Work request: For the data below, restate word for word only the lines from the line containing "figé, labels vérifiés" through the line containing "chacune avec sa", both ends included.

Extracted material:
-.-.-
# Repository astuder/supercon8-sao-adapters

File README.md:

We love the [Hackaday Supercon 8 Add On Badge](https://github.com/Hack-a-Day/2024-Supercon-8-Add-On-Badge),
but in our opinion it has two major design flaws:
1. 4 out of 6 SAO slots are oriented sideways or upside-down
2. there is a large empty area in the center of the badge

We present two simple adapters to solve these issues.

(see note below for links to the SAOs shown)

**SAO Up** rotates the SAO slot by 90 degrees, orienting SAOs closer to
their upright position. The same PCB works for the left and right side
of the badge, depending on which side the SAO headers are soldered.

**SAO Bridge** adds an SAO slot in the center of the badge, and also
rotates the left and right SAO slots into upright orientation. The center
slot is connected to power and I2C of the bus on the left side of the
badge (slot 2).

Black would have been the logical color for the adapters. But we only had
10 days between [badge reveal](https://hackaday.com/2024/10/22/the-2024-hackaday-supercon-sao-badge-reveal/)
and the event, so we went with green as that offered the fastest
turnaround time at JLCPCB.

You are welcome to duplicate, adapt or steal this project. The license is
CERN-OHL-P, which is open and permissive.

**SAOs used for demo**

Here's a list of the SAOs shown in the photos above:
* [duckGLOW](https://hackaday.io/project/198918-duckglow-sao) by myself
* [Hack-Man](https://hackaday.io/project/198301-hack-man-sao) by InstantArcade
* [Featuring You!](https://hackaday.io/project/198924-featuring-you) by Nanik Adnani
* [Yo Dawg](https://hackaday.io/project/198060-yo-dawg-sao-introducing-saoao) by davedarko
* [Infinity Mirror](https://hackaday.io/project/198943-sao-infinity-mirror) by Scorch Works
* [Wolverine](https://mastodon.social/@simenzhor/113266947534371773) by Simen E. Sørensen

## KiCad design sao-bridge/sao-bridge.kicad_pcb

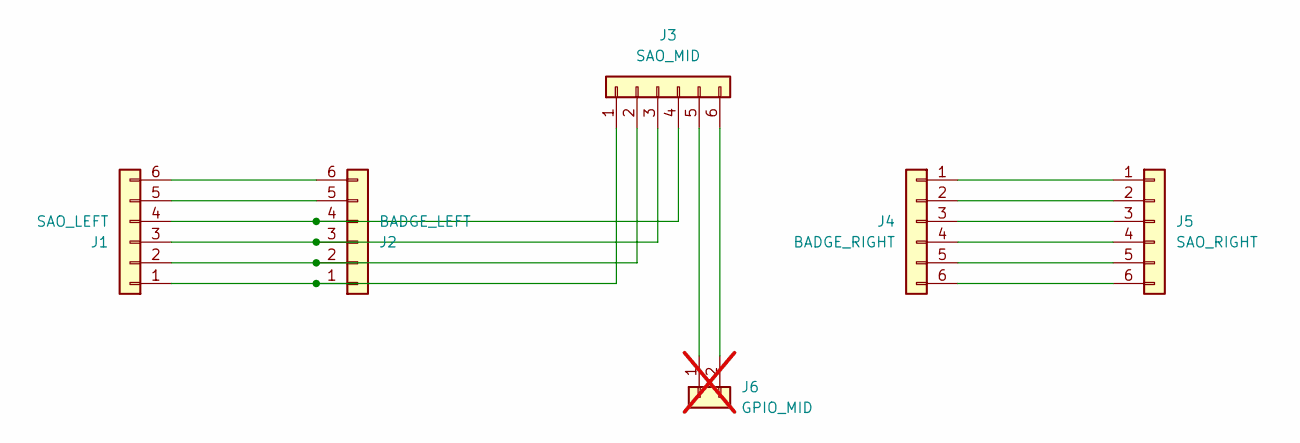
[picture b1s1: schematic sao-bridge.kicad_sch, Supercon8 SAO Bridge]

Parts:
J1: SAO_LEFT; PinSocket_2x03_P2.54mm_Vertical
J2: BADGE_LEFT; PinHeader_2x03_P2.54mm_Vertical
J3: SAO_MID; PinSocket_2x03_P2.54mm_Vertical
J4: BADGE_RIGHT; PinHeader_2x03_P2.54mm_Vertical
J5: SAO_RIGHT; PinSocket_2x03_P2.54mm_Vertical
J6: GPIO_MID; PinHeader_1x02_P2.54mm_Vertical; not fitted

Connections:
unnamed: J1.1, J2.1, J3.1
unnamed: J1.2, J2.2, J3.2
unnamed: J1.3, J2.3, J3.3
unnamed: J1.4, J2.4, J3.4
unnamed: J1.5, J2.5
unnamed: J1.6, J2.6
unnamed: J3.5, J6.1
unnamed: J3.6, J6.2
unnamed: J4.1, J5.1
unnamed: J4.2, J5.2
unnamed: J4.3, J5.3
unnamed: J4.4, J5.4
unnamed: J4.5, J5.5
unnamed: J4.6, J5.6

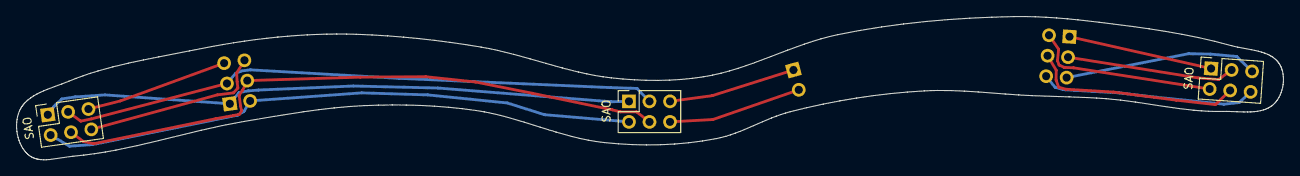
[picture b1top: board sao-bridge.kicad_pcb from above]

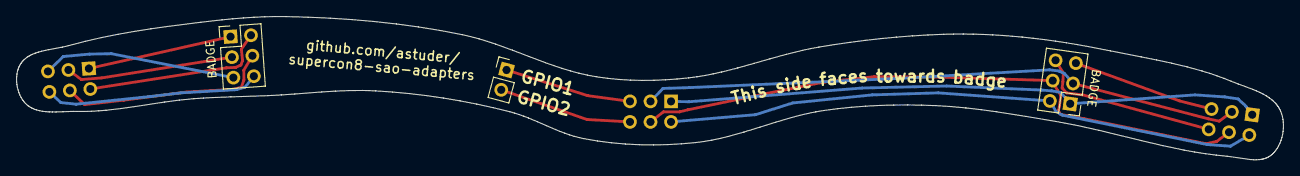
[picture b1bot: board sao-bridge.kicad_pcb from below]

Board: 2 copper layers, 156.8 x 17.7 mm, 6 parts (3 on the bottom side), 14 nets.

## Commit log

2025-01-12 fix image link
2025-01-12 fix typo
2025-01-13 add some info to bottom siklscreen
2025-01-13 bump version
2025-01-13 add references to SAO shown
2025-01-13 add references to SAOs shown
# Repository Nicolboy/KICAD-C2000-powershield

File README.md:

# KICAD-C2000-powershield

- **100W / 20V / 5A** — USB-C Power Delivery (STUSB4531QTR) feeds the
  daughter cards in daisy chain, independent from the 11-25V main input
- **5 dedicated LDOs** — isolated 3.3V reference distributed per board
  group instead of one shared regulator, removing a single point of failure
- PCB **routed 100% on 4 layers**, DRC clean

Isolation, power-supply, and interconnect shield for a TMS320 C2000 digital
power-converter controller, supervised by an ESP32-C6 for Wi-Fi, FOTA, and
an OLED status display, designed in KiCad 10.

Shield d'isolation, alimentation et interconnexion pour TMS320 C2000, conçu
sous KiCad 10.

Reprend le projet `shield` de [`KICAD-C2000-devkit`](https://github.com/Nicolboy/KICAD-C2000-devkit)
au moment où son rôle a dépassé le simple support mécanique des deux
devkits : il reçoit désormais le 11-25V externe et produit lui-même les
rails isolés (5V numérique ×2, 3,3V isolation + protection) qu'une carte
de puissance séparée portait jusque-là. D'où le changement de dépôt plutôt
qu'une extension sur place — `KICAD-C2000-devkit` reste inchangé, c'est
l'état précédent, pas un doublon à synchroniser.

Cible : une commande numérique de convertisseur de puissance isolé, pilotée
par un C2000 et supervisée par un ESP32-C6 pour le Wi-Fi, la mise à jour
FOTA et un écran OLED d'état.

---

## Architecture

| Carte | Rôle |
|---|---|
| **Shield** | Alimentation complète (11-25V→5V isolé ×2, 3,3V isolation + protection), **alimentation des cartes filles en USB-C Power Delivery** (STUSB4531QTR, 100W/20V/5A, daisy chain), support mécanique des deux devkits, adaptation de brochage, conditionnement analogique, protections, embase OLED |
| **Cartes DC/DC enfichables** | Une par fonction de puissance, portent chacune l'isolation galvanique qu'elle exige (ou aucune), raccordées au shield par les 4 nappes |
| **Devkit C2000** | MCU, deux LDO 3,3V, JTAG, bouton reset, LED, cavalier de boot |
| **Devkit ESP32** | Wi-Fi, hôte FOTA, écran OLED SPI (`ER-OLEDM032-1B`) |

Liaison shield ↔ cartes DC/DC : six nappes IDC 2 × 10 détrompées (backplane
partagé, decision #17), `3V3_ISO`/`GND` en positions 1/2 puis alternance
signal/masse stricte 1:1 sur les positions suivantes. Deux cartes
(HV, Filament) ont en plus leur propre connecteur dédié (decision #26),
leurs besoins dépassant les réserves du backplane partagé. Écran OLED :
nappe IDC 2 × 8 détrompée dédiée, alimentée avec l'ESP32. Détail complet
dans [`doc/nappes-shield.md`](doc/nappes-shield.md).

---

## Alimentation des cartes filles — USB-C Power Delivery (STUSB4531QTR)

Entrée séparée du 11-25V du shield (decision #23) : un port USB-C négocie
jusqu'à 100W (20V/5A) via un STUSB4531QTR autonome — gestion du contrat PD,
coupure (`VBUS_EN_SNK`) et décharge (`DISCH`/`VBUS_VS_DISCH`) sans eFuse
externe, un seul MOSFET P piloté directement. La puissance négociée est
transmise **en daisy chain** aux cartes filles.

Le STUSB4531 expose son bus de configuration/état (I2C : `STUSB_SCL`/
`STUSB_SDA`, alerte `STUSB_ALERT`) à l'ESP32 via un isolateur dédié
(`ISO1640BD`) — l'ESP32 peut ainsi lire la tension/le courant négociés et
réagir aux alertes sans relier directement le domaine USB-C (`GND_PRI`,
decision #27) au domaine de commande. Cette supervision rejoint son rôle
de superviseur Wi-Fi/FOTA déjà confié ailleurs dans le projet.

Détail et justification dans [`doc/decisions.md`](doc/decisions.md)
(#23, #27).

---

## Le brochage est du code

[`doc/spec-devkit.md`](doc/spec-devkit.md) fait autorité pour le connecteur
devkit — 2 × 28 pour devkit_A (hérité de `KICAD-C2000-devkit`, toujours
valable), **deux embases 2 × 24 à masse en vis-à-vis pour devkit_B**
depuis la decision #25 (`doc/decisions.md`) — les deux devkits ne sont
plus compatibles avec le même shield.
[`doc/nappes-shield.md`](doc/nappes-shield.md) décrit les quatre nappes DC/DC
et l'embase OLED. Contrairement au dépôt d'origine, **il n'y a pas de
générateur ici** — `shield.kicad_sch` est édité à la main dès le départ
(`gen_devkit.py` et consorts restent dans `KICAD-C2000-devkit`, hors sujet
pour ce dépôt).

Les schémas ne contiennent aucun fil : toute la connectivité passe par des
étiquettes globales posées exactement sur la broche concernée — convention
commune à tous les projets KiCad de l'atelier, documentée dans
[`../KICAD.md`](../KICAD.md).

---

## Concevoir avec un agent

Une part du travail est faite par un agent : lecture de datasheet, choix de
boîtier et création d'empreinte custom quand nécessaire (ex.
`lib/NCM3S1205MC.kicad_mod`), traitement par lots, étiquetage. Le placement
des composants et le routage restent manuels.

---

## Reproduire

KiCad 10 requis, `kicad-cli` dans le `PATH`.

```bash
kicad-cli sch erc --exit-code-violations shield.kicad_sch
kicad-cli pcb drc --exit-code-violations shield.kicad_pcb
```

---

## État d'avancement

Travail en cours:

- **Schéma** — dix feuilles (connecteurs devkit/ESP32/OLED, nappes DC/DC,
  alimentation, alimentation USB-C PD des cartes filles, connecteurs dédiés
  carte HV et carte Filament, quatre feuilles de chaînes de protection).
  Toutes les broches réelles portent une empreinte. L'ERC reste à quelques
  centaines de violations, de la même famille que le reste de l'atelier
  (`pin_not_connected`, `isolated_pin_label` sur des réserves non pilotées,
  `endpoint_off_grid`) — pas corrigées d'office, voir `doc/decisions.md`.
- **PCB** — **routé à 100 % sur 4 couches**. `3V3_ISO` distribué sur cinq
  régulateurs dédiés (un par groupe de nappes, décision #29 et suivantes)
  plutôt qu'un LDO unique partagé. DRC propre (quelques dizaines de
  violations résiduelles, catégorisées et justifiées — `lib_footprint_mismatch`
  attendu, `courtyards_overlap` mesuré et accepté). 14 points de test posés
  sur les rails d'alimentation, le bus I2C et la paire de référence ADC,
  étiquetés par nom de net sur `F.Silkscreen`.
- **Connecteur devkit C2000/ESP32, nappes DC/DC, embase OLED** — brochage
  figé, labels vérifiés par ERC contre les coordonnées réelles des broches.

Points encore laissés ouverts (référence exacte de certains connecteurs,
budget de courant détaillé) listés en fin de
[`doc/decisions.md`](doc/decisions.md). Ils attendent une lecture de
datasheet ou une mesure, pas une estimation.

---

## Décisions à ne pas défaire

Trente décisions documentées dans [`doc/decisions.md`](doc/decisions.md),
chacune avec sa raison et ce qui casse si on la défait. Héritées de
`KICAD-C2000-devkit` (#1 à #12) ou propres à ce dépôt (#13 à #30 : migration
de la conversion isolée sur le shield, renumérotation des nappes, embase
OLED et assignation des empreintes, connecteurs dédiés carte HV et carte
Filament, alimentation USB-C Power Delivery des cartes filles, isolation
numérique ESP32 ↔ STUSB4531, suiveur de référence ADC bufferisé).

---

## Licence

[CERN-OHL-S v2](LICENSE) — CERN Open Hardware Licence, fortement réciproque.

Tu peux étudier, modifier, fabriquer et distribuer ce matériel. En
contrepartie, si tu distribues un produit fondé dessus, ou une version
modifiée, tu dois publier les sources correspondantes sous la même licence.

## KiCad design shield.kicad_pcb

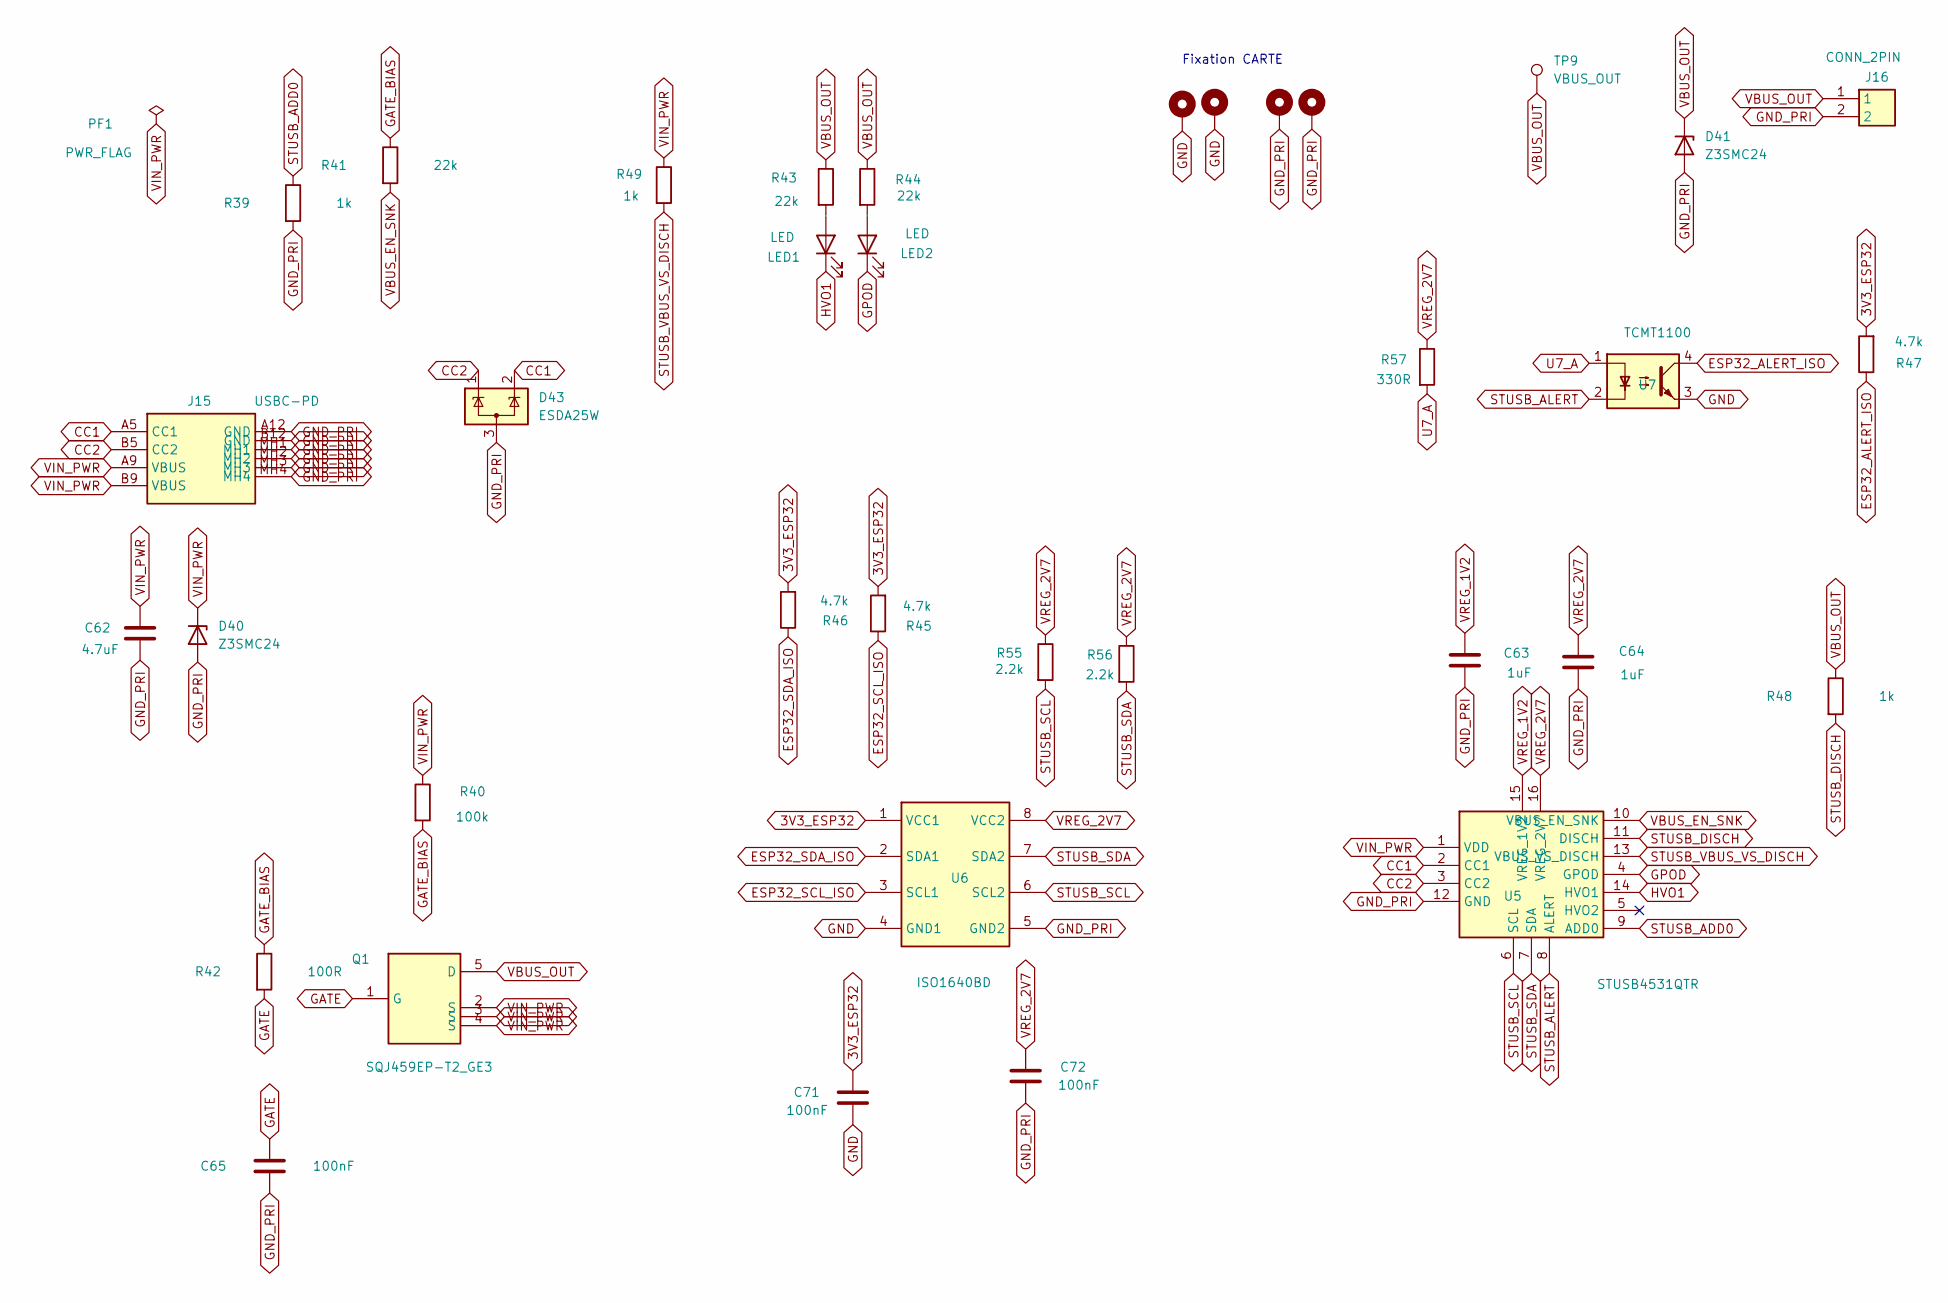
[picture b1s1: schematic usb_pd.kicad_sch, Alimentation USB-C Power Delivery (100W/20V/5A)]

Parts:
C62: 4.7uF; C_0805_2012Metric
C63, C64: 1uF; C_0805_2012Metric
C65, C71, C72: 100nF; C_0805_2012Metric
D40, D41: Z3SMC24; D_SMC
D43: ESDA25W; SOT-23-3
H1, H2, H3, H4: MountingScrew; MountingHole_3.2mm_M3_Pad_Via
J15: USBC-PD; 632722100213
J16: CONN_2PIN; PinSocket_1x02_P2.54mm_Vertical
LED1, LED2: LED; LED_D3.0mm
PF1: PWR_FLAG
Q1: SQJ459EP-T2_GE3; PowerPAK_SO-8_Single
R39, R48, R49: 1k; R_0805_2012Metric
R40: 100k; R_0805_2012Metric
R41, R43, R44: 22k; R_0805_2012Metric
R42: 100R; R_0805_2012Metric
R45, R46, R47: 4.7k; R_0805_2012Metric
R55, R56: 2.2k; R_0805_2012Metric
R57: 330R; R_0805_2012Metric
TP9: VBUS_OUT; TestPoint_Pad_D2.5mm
-.-.-
Answer below:
  figé, labels vérifiés par ERC contre les coordonnées réelles des broches.

Points encore laissés ouverts (référence exacte de certains connecteurs,
budget de courant détaillé) listés en fin de
[`doc/decisions.md`](doc/decisions.md). Ils attendent une lecture de
datasheet ou une mesure, pas une estimation.

---

## Décisions à ne pas défaire

Trente décisions documentées dans [`doc/decisions.md`](doc/decisions.md),
chacune avec sa raison et ce qui casse si on la défait. Héritées de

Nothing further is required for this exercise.